We used paired cancer and adjacent normal samples to evaluate the performance of RankComp, assuming that the unknown previously normal state of a cancer tissue could be approximately represented by the adjacent normal tissue of the cancer tissue. After identifying DEGs for one cancer sample, if the deregulation directions (up- or down-regulations) of DEGs are consistent with the deregulation directions observed in the cancer sample compared with its own adjacent normal sample, then they are defined as true positives (TP); otherwise, false positives (FP). The precision rate is calculated as TP/(TP+FP) for each cancer sample. To ensure the association between the individualized DEGs and cancer, we restricted our evaluation to the reproducible population-level DEGs predetermined using two datasets for each type of cancer. For each cancer, the statistical significance of the concordance score between two lists of DEGs between cancer samples and normal controls, detected by Student's t-test, is calculated by the binomial distribution model as described above. Finally, the DEGs reproducibly detected in the two datasets for each cancer are defined as the population-level DEGs associated with the cancer.

The KEGG pathways

Data of 223 pathways covering 6290 unique genes were extracted from the Kyoto Encyclopedia of Genes and Genomes (KEGG) [46] on 10 May 2015. The hypergeometric distribution model is used to determine the significance of biological pathways enriched with up- and down-regulated DEGs, respectively [23]. The p-values are adjusted using the Benjamini and Hochberg procedure.

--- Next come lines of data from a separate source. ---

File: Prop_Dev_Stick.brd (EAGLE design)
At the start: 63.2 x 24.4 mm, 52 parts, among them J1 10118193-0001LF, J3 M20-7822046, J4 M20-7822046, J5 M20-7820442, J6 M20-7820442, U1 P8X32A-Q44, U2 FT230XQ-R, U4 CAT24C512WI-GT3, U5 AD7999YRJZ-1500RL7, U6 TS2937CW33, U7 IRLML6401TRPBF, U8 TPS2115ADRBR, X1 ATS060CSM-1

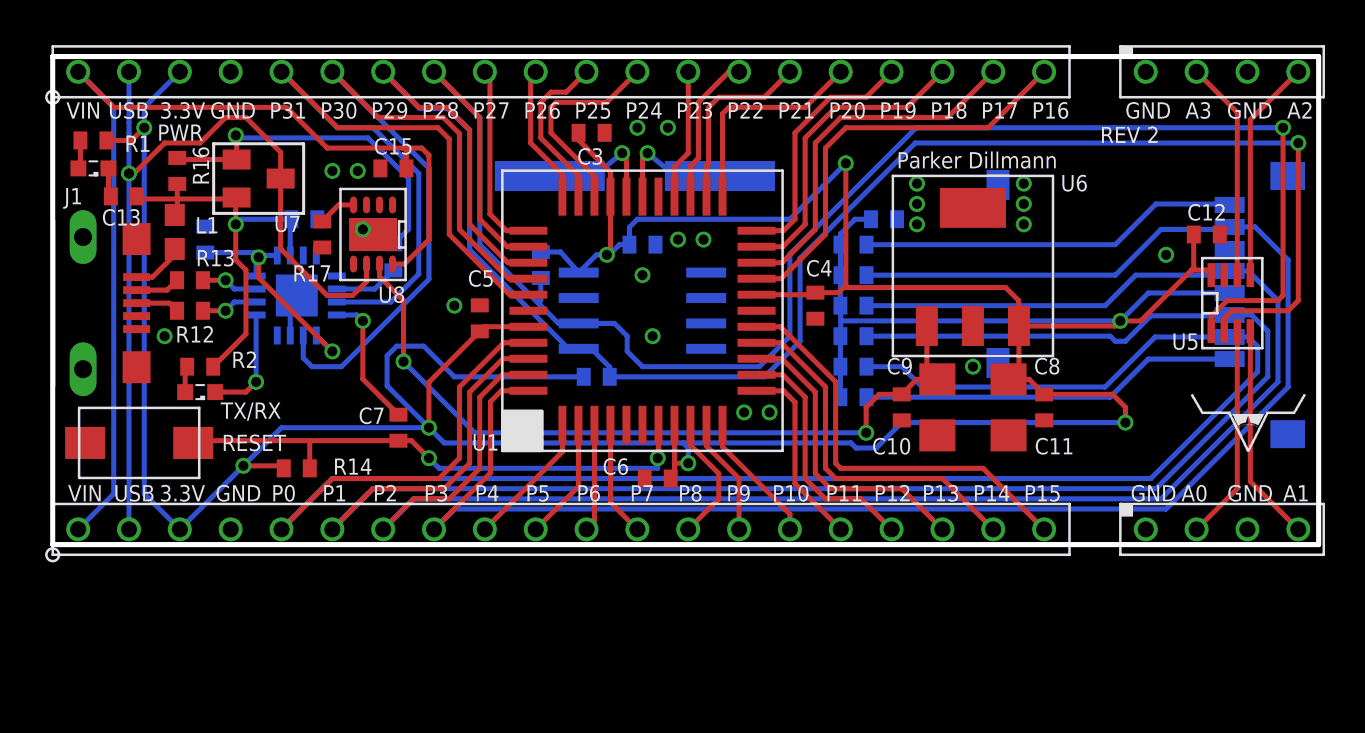
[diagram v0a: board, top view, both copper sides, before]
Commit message: Adjusted edge of board to remove DRC issues.
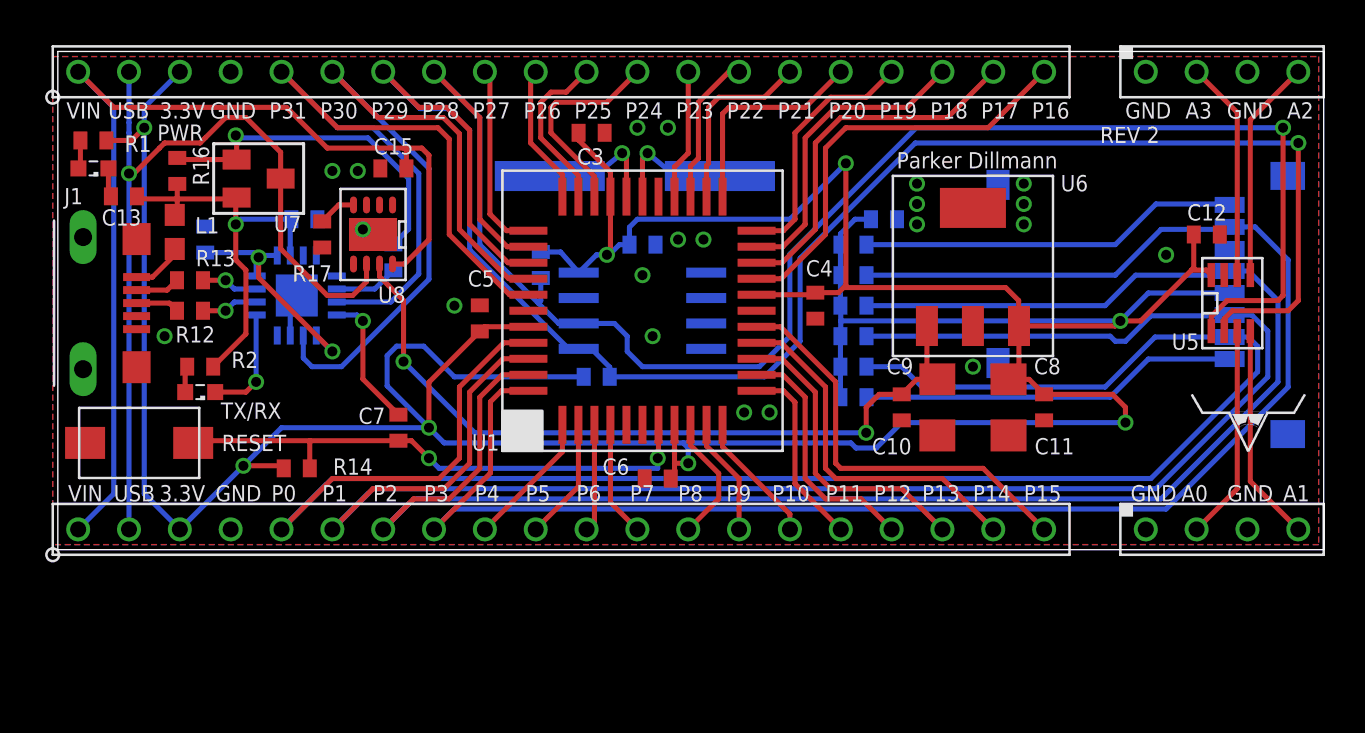
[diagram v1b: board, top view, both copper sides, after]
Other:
- board size 63.2 x 24.4 mm -> 63.2 x 24.9 mm
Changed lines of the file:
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@@
 <?xml version="1.0" encoding="utf-8"?>
 <!DOCTYPE eagle SYSTEM "eagle.dtd">
-<eagle version="6.3">
+<eagle version="6.5.0">
 <drawing>
 <settings>
@@
 <board>
 <plain>
-<wire x1="0" y1="24.384" x2="63.246" y2="24.384" width="0.254" layer="20"/>
-<wire x1="63.246" y1="24.384" x2="63.246" y2="0" width="0.254" layer="20"/>
-<wire x1="63.246" y1="0" x2="0" y2="0" width="0.254" layer="20"/>
-<wire x1="0" y1="0" x2="0" y2="24.384" width="0.254" layer="20"/>
+<wire x1="0.254" y1="24.638" x2="63.5" y2="24.638" width="0" layer="20"/>
+<wire x1="63.5" y1="24.638" x2="63.5" y2="-0.254" width="0" layer="20"/>
+<wire x1="63.5" y1="-0.254" x2="0.254" y2="-0.254" width="0" layer="20"/>
+<wire x1="0.254" y1="-0.254" x2="0.254" y2="24.638" width="0" layer="20"/>
 <text x="3.048" y="2.159" size="0.8128" layer="21" font="vector">USB</text>
 <text x="5.334" y="2.159" size="0.8128" layer="21" font="vector">3.3V</text>

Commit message: Finished REV3!!!
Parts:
- removed U8: TPS2115ADRBR, PP_PowerIC:SON-8
- added U3: TPS2111APWR, PP_PowerIC:SON-8
- C1, C10, C11, C12, C13, C14, C15, C16, C2, C3, C4, C5, C6, C7, R1, R10, R11, R12, R13, R14, R15, R16, R17, R2, R4, R5, R6, R7, R8, R9: device PP_Passives:0402 -> PP_Passives:0603
- PWR: value 598-8070-107F -> 598-8020-107F; device led:SML0603 -> PP_LED:LED_0805
- TX/RX: device led:SML0603 -> PP_LED:LED_0805
- moved C12 34.1 mm to (23.6, 14.2), flipped to the bottom, turned to 90 degrees
- moved C14 28.9 mm to (58.2, 11.7), turned to 270 degrees
- moved U$2 23.0 mm to (42.2, 16.8)
- moved R1 18.3 mm to (11.4, 4.45)
- moved PWR 15.5 mm to (7.62, 4.32), turned to 0 degrees
- moved RESET 15.0 mm to (18.3, 10.7), turned to 270 degrees
- moved C11 13.5 mm to (48.0, 20.3), flipped to the bottom, turned to 0 degrees
- moved C10 13.5 mm to (43.4, 20.3), flipped to the bottom, turned to 180 degrees
- moved C9 11.5 mm to (42.7, 18.3), flipped to the bottom, turned to 180 degrees
- moved C8 11.5 mm to (48.8, 18.3), flipped to the bottom, turned to 0 degrees
- moved C16 10.7 mm to (42.3, 5.59), flipped to the top, turned to 0 degrees
- moved C13 9.23 mm to (12.7, 16.1), flipped to the bottom
- moved R11 8.75 mm to (43.8, 7.11), flipped to the top, turned to 180 degrees
- moved R6 8.29 mm to (43.8, 14.7), flipped to the top, turned to 180 degrees
- moved R10 6.15 mm to (43.8, 8.64), flipped to the top, turned to 180 degrees
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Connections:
- net 3.3V: now also J5.2, J6.2
- net 3V3OUT: now also R2.2
- net 5V: now also U3.7; no longer U8.7
- net A0: now also J6.4; no longer J6.2
- net A1: now also J6.3; no longer J6.4
- net A2: now also J5.3; no longer J5.4
- net A3: now also J5.4; no longer J5.2
- net GND: now also PWR.CATHODE, U3.2, U3.5; no longer J5.3, J6.3, PWR.C, U8.3, U8.5, U8.PAD
- net N$1: now also PWR.ANODE; no longer PWR.A
- net N$2: now also TX/RX.ANODE; no longer TX/RX.A
- net N$7: now also U3.4; no longer U8.4
- net TX_RX_LED: now also TX/RX.CATHODE; no longer TX/RX.C
- net VBUS: now also L1.1; no longer L1.2
- net VBUS_P1: now also L1.2; no longer L1.1, R2.2
- net VBUS_P2: now also U3.6; no longer U8.6
- net VIN: now also U3.3, U3.8; no longer U8.8
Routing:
- net SDA: track 89.6 -> 69.9 mm, vias 1 -> 3
- net SD_DO: track 84.4 -> 66.2 mm, vias 0 -> 1
- net SCL: track 85.8 -> 68.9 mm, vias 1 -> 3
- net SD_SCLK: track 88.0 -> 71.8 mm, vias 0 -> 1
- net SD_DI: track 91.1 -> 78.1 mm, vias 0 -> 1
- net SD_CS: track 96.0 -> 83.9 mm, vias 0 -> 1
- net TX: track 38.4 -> 27.2 mm, vias 0 -> 1
- net RX: track 38.6 -> 30.0 mm, vias 0 -> 1
- net VBUS_P1: track 20.7 -> 13.0 mm
- net VBUS_P2: track 43.8 -> 51.3 mm
- net RES: track 27.4 -> 22.8 mm
- net IRQ: track 19.0 -> 14.5 mm
- net 3V3OUT: track 12.1 -> 16.0 mm
- net RW: track 18.9 -> 15.0 mm
- net X0: track 6.29 -> 9.82 mm
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
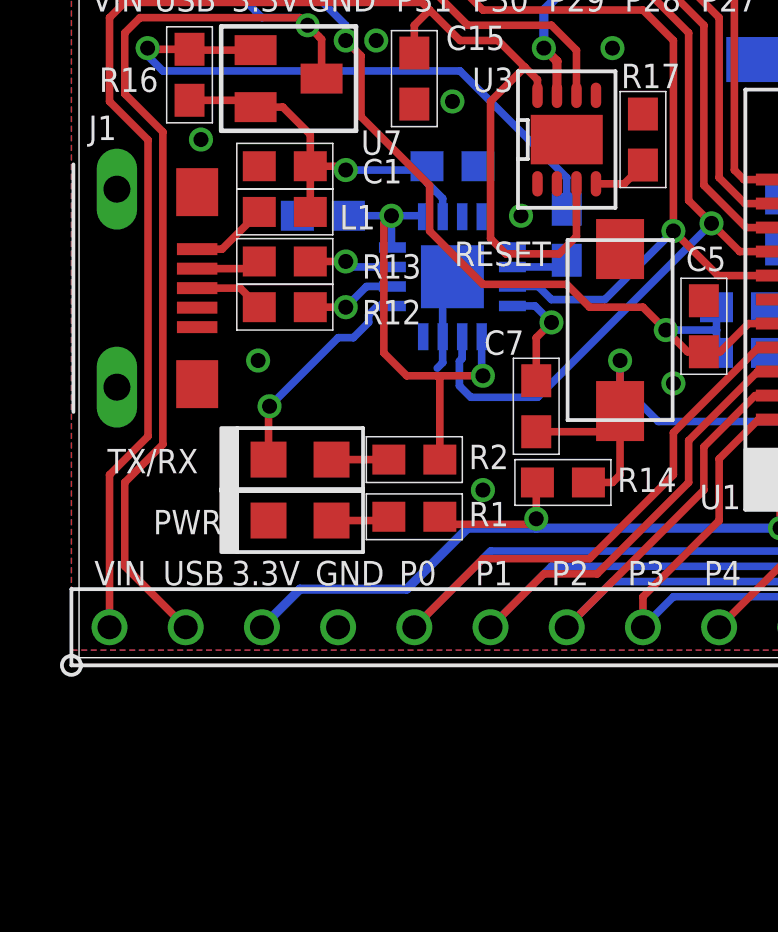
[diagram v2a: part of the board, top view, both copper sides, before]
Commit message: Added power switching for LDO Voltage Dropout.
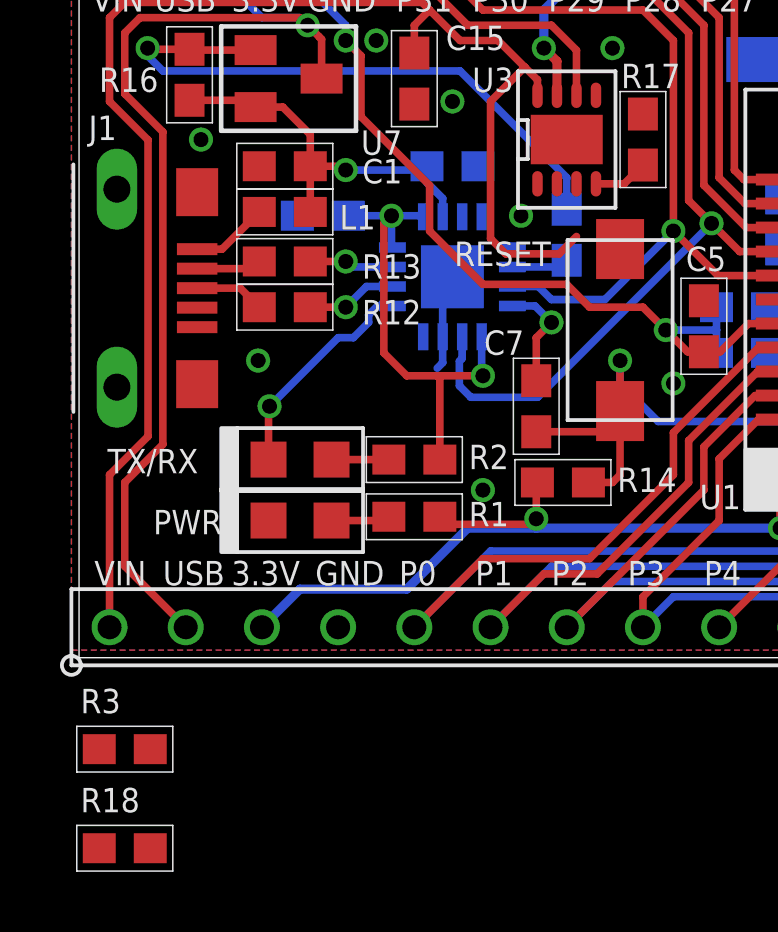
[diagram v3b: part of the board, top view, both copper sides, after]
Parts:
- added R18: 25K, PP_Passives:0603
- added R3: 100K, PP_Passives:0603
- C13: value .1uF -> 1uF
- U3: value TPS2111APWR -> TPS2113ADRBR
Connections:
- new net VSNS: R18.2, R3.1, U3.3
- net GND: now also R18.1
- net VIN: now also R3.2; no longer U3.3
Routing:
- net VIN: track 52.6 -> 50.8 mm
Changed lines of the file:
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@@
 </element>
 <element name="U$1" library="PP_Aesthetics" package="LHE_FRAME" value="LHE_FRAME" x="39.116" y="1.016" smashed="yes" rot="MR0">
-<attribute name="REVNUM" value="REV 3" x="62.992" y="17.526" size="0.8128" layer="22" font="vector" rot="MR0"/>
+<attribute name="REVNUM" value="REV 4" x="62.992" y="17.526" size="0.8128" layer="22" font="vector" rot="MR0"/>
 <attribute name="PNAME" value="Propeller Dev Stick" x="39.116" y="3.556" size="0.8128" layer="22" font="vector" rot="MR0" display="off"/>
 <attribute name="DNAME" value="Parker Dillmann" x="62.992" y="20.066" size="0.8128" layer="22" font="vector" rot="MR0"/>
@@
 <attribute name="NAME" x="0.924" y="18.6055" size="0.8128" layer="25" font="vector"/>
 </element>
-<element name="C13" library="PP_Passives" package="0603" value=".1uF" x="12.7" y="16.129" smashed="yes" rot="MR180">
+<element name="C13" library="PP_Passives" package="0603" value="1uF" x="12.7" y="16.129" smashed="yes" rot="MR180">
 <attribute name="NAME" x="11.592" y="17.8435" size="0.8128" layer="26" font="vector" rot="MR180"/>
 </element>
@@
 <attribute name="NAME" x="2.726" y="3.861" size="0.8128" layer="25" font="vector"/>
 </element>
-<element name="U3" library="PP_PowerIC" package="SON-8" value="TPS2111APWR" x="16.51" y="17.018" smashed="yes">
+<element name="U3" library="PP_PowerIC" package="SON-8" value="TPS2113ADRBR" x="16.51" y="17.018" smashed="yes">
 <attribute name="NAME" x="13.361" y="18.602" size="0.8128" layer="21" font="vector"/>
 </element>
+<element name="R3" library="PP_Passives" package="0603" value="100K" x="1.778" y="-3.302"/>
+<element name="R18" library="PP_Passives" package="0603" value="25K" x="1.778" y="-6.604"/>
 </elements>
 <signals>
@@
 <via x="20.066" y="8.89" extent="1-16" drill="0.5"/>
 <via x="6.223" y="9.652" extent="1-16" drill="0.5"/>
+<contactref element="R18" pad="1"/>
+<wire x1="47.156" y1="20.32" x2="54.61" y2="23.622" width="0" layer="19" extent="16-16"/>
+<wire x1="47.368" y1="18.288" x2="47.156" y2="20.32" width="0" layer="19" extent="16-16"/>
+<wire x1="44.284" y1="20.32" x2="47.156" y2="20.32" width="0" layer="19" extent="16-16"/>
+<wire x1="44.072" y1="18.288" x2="44.284" y2="20.32" width="0" layer="19" extent="16-16"/>
+<wire x1="45.72" y1="15.494" x2="47.368" y2="18.288" width="0" layer="19" extent="16-16"/>
+<wire x1="47.226" y1="15.059" x2="45.72" y2="15.494" width="0" layer="19" extent="1-16"/>
+<wire x1="57.404" y1="9.144" x2="58.801" y2="9.359" width="0" layer="19" extent="1-1"/>
+<wire x1="58.166" y1="10.834" x2="58.801" y2="9.359" width="0" layer="19" extent="1-16"/>
+<wire x1="48.768" y1="5.588" x2="47.226" y2="6.159" width="0" layer="19" extent="1-1"/>
+<wire x1="44.958" y1="5.588" x2="47.226" y2="6.159" width="0" layer="19" extent="1-1"/>
+<wire x1="43.141" y1="5.588" x2="44.958" y2="5.588" width="0" layer="19" extent="1-1"/>
+<wire x1="45.72" y1="9.594" x2="47.226" y2="6.159" width="0" layer="19" extent="1-16"/>
+<wire x1="62.23" y1="14.732" x2="61.701" y2="18.609" width="0" layer="19" extent="1-1"/>
+<wire x1="61.864" y1="12.957" x2="62.23" y2="14.732" width="0" layer="19" extent="16-16"/>
+<wire x1="37.084" y1="20.574" x2="44.284" y2="20.32" width="0" layer="19" extent="16-16"/>
+<wire x1="30.06" y1="20.066" x2="37.084" y2="20.574" width="0" layer="19" extent="1-1"/>
+<wire x1="30.264" y1="17.384" x2="30.06" y2="20.066" width="0" layer="19" extent="1-1"/>
+<wire x1="32.649" y1="13.081" x2="30.988" y2="14.732" width="0" layer="19" extent="16-16"/>
+<wire x1="32.649" y1="11.811" x2="32.649" y2="13.081" width="0" layer="19" extent="16-16"/>
+<wire x1="32.649" y1="10.541" x2="32.649" y2="11.811" width="0" layer="19" extent="16-16"/>
+<wire x1="35.164" y1="11.684" x2="32.649" y2="11.811" width="0" layer="19" extent="1-16"/>
+<wire x1="32.893" y1="7.747" x2="32.649" y2="10.541" width="0" layer="19" extent="16-16"/>
+<wire x1="38.1" y1="11.088" x2="35.164" y2="11.684" width="0" layer="19" extent="1-1"/>
+<wire x1="29.464" y1="5.984" x2="32.893" y2="7.747" width="0" layer="19" extent="1-1"/>
+<wire x1="28.664" y1="5.984" x2="29.464" y2="5.984" width="0" layer="19" extent="1-1"/>
+<wire x1="29.376" y1="3.81" x2="29.464" y2="5.984" width="0" layer="19" extent="1-1"/>
+<wire x1="26.279" y1="13.081" x2="30.988" y2="14.732" width="0" layer="19" extent="16-16"/>
+<wire x1="23.622" y1="13.374" x2="26.279" y2="13.081" width="0" layer="19" extent="16-16"/>
+<wire x1="23.764" y1="11.684" x2="23.622" y2="13.374" width="0" layer="19" extent="1-16"/>
+<wire x1="21.082" y1="11.645" x2="23.764" y2="11.684" width="0" layer="19" extent="1-1"/>
+<wire x1="20.066" y1="8.89" x2="21.082" y2="11.645" width="0" layer="19" extent="1-1"/>
+<wire x1="18.288" y1="13.368" x2="21.082" y2="11.645" width="0" layer="19" extent="1-1"/>
+<wire x1="16.185" y1="15.543" x2="18.288" y2="13.368" width="0" layer="19" extent="1-1"/>
+<wire x1="14.986" y1="14.478" x2="16.185" y2="15.543" width="0" layer="19" extent="1-1"/>
+<wire x1="14.7" y1="13.421" x2="14.986" y2="14.478" width="0" layer="19" extent="16-16"/>
+<wire x1="13.55" y1="16.129" x2="14.986" y2="14.478" width="0" layer="19" extent="16-16"/>
+<wire x1="12.7" y1="12.446" x2="14.7" y2="13.421" width="0" layer="19" extent="16-16"/>
+<wire x1="12.7" y1="18.288" x2="13.55" y2="16.129" width="0" layer="19" extent="16-16"/>
+<wire x1="11.43" y1="18.2" x2="12.7" y2="18.288" width="0" layer="19" extent="1-1"/>
+<wire x1="10.16" y1="20.32" x2="11.43" y2="18.2" width="0" layer="19" extent="1-1"/>
+<wire x1="17.485" y1="18.493" x2="16.185" y2="15.543" width="0" layer="19" extent="1-1"/>
+<wire x1="19.05" y1="17.868" x2="17.485" y2="18.493" width="0" layer="19" extent="1-1"/>
+<wire x1="18.034" y1="20.066" x2="17.485" y2="18.493" width="0" layer="19" extent="1-1"/>
+<wire x1="8.89" y1="23.622" x2="10.16" y2="20.32" width="0" layer="19" extent="1-1"/>
+<wire x1="13.716" y1="5.334" x2="12.192" y2="9.398" width="0" layer="19" extent="16-16"/>
+<wire x1="7.532" y1="14.478" x2="12.375" y2="12.121" width="0" layer="19" extent="16-16"/>
+<wire x1="6.262" y1="16.129" x2="7.532" y2="14.478" width="0" layer="19" extent="1-16"/>
+<wire x1="4.318" y1="17.018" x2="6.262" y2="16.129" width="0" layer="19" extent="1-1"/>
+<wire x1="4.191" y1="15.265" x2="4.318" y2="17.018" width="0" layer="19" extent="1-1"/>
+<wire x1="1.516" y1="15.365" x2="4.191" y2="15.265" width="0" layer="19" extent="1-1"/>
+<wire x1="4.191" y1="10.765" x2="4.191" y2="15.265" width="0" layer="19" extent="1-1"/>
+<wire x1="4.191" y1="8.865" x2="4.191" y2="10.765" width="0" layer="19" extent="1-1"/>
+<wire x1="6.223" y1="9.652" x2="4.191" y2="8.865" width="0" layer="19" extent="1-1"/>
+<wire x1="1.516" y1="8.765" x2="4.191" y2="8.865" width="0" layer="19" extent="1-1"/>
+<wire x1="6.57" y1="4.318" x2="4.191" y2="8.865" width="0" layer="19" extent="1-1"/>
+<wire x1="8.89" y1="0.762" x2="6.57" y2="4.318" width="0" layer="19" extent="1-1"/>
+<wire x1="54.61" y1="0.762" x2="48.768" y2="5.588" width="0" layer="19" extent="1-1"/>
+<wire x1="0.928" y1="-6.604" x2="8.89" y2="0.762" width="0" layer="19" extent="1-1"/>
 </signal>
 <signal name="SDA">
@@
 <contactref element="J4" pad="1"/>
 <contactref element="C15" pad="2"/>
-<contactref element="U3" pad="3"/>
 <contactref element="U3" pad="8"/>
 <wire x1="11.684" y1="21.59" x2="11.938" y2="21.336" width="0.254" layer="1"/>
@@
 <wire x1="1.27" y1="21.082" x2="1.27" y2="18.288" width="0.254" layer="1"/>
 <wire x1="11.684" y1="21.59" x2="1.778" y2="21.59" width="0.254" layer="1"/>
-<wire x1="16.835" y1="15.543" x2="16.835" y2="13.787" width="0.254" layer="1"/>
 <wire x1="16.835" y1="13.787" x2="16.256" y2="13.208" width="0.254" layer="1"/>
 <wire x1="16.256" y1="13.208" x2="14.478" y2="13.208" width="0.254" layer="1"/>
@@
 <wire x1="11.43" y1="19.9" x2="11.43" y2="20.828" width="0.254" layer="1"/>
 <wire x1="11.43" y1="20.828" x2="11.938" y2="21.336" width="0.254" layer="1"/>
+<contactref element="R3" pad="2"/>
+<wire x1="2.628" y1="-3.302" x2="1.27" y2="0.762" width="0" layer="19" extent="1-1"/>
 </signal>
 <signal name="TX_RX_LED">
@@
 <wire x1="10.201" y1="11.471" x2="10.7" y2="11.471" width="0.254" layer="16"/>
 </signal>
+<signal name="VSNS">
+<contactref element="U3" pad="3"/>
+<contactref element="R3" pad="1"/>
+<contactref element="R18" pad="2"/>
+<wire x1="0.928" y1="-3.302" x2="16.835" y2="15.543" width="0" layer="19" extent="1-1"/>
+<wire x1="2.628" y1="-6.604" x2="0.928" y2="-3.302" width="0" layer="19" extent="1-1"/>
+</signal>
 </signals>

SUPPLEMENTARY MATERIALS TABLE

oncotarget-07-68909-s001.pdf^{(1MB, pdf)}

Abbreviations

REOs: relative expression orderings
DEGs: differentially expressed genes
GEO: Gene Expression Omnibus
KEGG: Kyoto Encyclopedia of Genes and Genomes
POG: Percentage of Overlapping Gene pair
FDR: False Discovery Rate
TP: true positives
FP: false positives
TCGA_luad: lung adenocarcinoma samples from TCGA
TCGA_coad: colon adenocarcinoma samples from TCGA.

Footnotes

CONFLICTS OF INTEREST

No potential conflicts of interest were disclosed.

GRANT SUPPORT

This work was supported by the National Natural Science Foundation of China [grant numbers. 81572935, 81372213, 81501215 and 81501829].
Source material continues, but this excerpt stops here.